→ Your task:
Give back all the records below, unaltered.

→ Collected data entries:
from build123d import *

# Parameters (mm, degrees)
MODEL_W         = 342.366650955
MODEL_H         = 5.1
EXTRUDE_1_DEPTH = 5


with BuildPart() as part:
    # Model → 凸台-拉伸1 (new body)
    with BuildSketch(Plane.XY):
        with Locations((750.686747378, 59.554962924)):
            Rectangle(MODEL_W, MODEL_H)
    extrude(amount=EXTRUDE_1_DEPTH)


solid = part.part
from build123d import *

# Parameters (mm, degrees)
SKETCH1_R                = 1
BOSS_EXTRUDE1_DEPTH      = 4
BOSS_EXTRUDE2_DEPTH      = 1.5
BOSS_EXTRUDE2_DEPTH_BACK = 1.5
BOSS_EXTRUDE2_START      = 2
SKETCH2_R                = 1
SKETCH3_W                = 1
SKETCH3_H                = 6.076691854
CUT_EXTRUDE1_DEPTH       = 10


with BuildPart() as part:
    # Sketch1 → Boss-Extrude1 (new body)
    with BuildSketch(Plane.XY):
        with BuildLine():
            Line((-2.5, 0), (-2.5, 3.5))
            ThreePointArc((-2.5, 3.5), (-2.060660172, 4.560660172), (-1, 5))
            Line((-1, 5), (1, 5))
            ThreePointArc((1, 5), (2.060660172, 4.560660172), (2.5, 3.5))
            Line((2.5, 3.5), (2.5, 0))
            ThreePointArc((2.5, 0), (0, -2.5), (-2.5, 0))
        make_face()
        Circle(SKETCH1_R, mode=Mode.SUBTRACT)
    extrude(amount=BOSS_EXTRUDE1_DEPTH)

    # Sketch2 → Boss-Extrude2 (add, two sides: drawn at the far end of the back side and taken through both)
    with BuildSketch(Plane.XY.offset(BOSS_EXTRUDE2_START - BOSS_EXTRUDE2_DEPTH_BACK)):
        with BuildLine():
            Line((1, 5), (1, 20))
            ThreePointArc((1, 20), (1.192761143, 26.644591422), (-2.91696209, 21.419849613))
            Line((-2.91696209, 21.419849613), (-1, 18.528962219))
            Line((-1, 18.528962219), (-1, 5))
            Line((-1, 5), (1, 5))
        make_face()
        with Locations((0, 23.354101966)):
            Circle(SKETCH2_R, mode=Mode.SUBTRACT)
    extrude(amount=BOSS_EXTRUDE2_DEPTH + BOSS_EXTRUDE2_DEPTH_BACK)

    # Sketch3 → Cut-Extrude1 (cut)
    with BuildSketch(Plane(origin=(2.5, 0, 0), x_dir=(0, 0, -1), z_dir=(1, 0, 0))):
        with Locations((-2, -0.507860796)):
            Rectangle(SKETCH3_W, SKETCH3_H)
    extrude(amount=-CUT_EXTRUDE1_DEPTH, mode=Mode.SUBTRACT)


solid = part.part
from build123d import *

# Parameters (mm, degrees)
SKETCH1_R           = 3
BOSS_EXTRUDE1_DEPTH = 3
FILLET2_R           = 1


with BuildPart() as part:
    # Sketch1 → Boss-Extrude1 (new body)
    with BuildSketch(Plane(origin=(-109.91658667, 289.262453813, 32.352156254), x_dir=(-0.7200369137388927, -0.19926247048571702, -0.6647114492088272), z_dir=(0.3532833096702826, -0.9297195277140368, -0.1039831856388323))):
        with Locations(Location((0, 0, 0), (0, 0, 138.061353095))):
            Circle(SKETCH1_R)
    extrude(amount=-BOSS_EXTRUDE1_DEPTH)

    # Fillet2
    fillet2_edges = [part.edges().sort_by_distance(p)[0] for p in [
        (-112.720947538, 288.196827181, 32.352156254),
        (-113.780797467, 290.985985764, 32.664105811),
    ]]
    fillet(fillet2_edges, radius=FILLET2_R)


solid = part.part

→ Problem solution:
from build123d import *

# Parameters (mm, degrees)
MODEL_W         = 342.366650955
MODEL_H         = 5.1
EXTRUDE_1_DEPTH = 5


with BuildPart() as part:
    # Model → 凸台-拉伸1 (new body)
    with BuildSketch(Plane.XY):
        with Locations((750.686747378, 59.554962924)):
            Rectangle(MODEL_W, MODEL_H)
    extrude(amount=EXTRUDE_1_DEPTH)


solid = part.part
from build123d import *

# Parameters (mm, degrees)
SKETCH1_R                = 1
BOSS_EXTRUDE1_DEPTH      = 4
BOSS_EXTRUDE2_DEPTH      = 1.5
BOSS_EXTRUDE2_DEPTH_BACK = 1.5
BOSS_EXTRUDE2_START      = 2
SKETCH2_R                = 1
SKETCH3_W                = 1
SKETCH3_H                = 6.076691854
CUT_EXTRUDE1_DEPTH       = 10


with BuildPart() as part:
    # Sketch1 → Boss-Extrude1 (new body)
    with BuildSketch(Plane.XY):
        with BuildLine():
            Line((-2.5, 0), (-2.5, 3.5))
            ThreePointArc((-2.5, 3.5), (-2.060660172, 4.560660172), (-1, 5))
            Line((-1, 5), (1, 5))
            ThreePointArc((1, 5), (2.060660172, 4.560660172), (2.5, 3.5))
            Line((2.5, 3.5), (2.5, 0))
            ThreePointArc((2.5, 0), (0, -2.5), (-2.5, 0))
        make_face()
        Circle(SKETCH1_R, mode=Mode.SUBTRACT)
    extrude(amount=BOSS_EXTRUDE1_DEPTH)

    # Sketch2 → Boss-Extrude2 (add, two sides: drawn at the far end of the back side and taken through both)
    with BuildSketch(Plane.XY.offset(BOSS_EXTRUDE2_START - BOSS_EXTRUDE2_DEPTH_BACK)):
        with BuildLine():
            Line((1, 5), (1, 20))
            ThreePointArc((1, 20), (1.192761143, 26.644591422), (-2.91696209, 21.419849613))
            Line((-2.91696209, 21.419849613), (-1, 18.528962219))
            Line((-1, 18.528962219), (-1, 5))
            Line((-1, 5), (1, 5))
        make_face()
        with Locations((0, 23.354101966)):
            Circle(SKETCH2_R, mode=Mode.SUBTRACT)
    extrude(amount=BOSS_EXTRUDE2_DEPTH + BOSS_EXTRUDE2_DEPTH_BACK)

    # Sketch3 → Cut-Extrude1 (cut)
    with BuildSketch(Plane(origin=(2.5, 0, 0), x_dir=(0, 0, -1), z_dir=(1, 0, 0))):
        with Locations((-2, -0.507860796)):
            Rectangle(SKETCH3_W, SKETCH3_H)
    extrude(amount=-CUT_EXTRUDE1_DEPTH, mode=Mode.SUBTRACT)


solid = part.part
from build123d import *

# Parameters (mm, degrees)
SKETCH1_R           = 3
BOSS_EXTRUDE1_DEPTH = 3
FILLET2_R           = 1


with BuildPart() as part:
    # Sketch1 → Boss-Extrude1 (new body)
    with BuildSketch(Plane(origin=(-109.91658667, 289.262453813, 32.352156254), x_dir=(-0.7200369137388927, -0.19926247048571702, -0.6647114492088272), z_dir=(0.3532833096702826, -0.9297195277140368, -0.1039831856388323))):
        with Locations(Location((0, 0, 0), (0, 0, 138.061353095))):
            Circle(SKETCH1_R)
    extrude(amount=-BOSS_EXTRUDE1_DEPTH)

    # Fillet2
    fillet2_edges = [part.edges().sort_by_distance(p)[0] for p in [
        (-112.720947538, 288.196827181, 32.352156254),
        (-113.780797467, 290.985985764, 32.664105811),
    ]]
    fillet(fillet2_edges, radius=FILLET2_R)


solid = part.part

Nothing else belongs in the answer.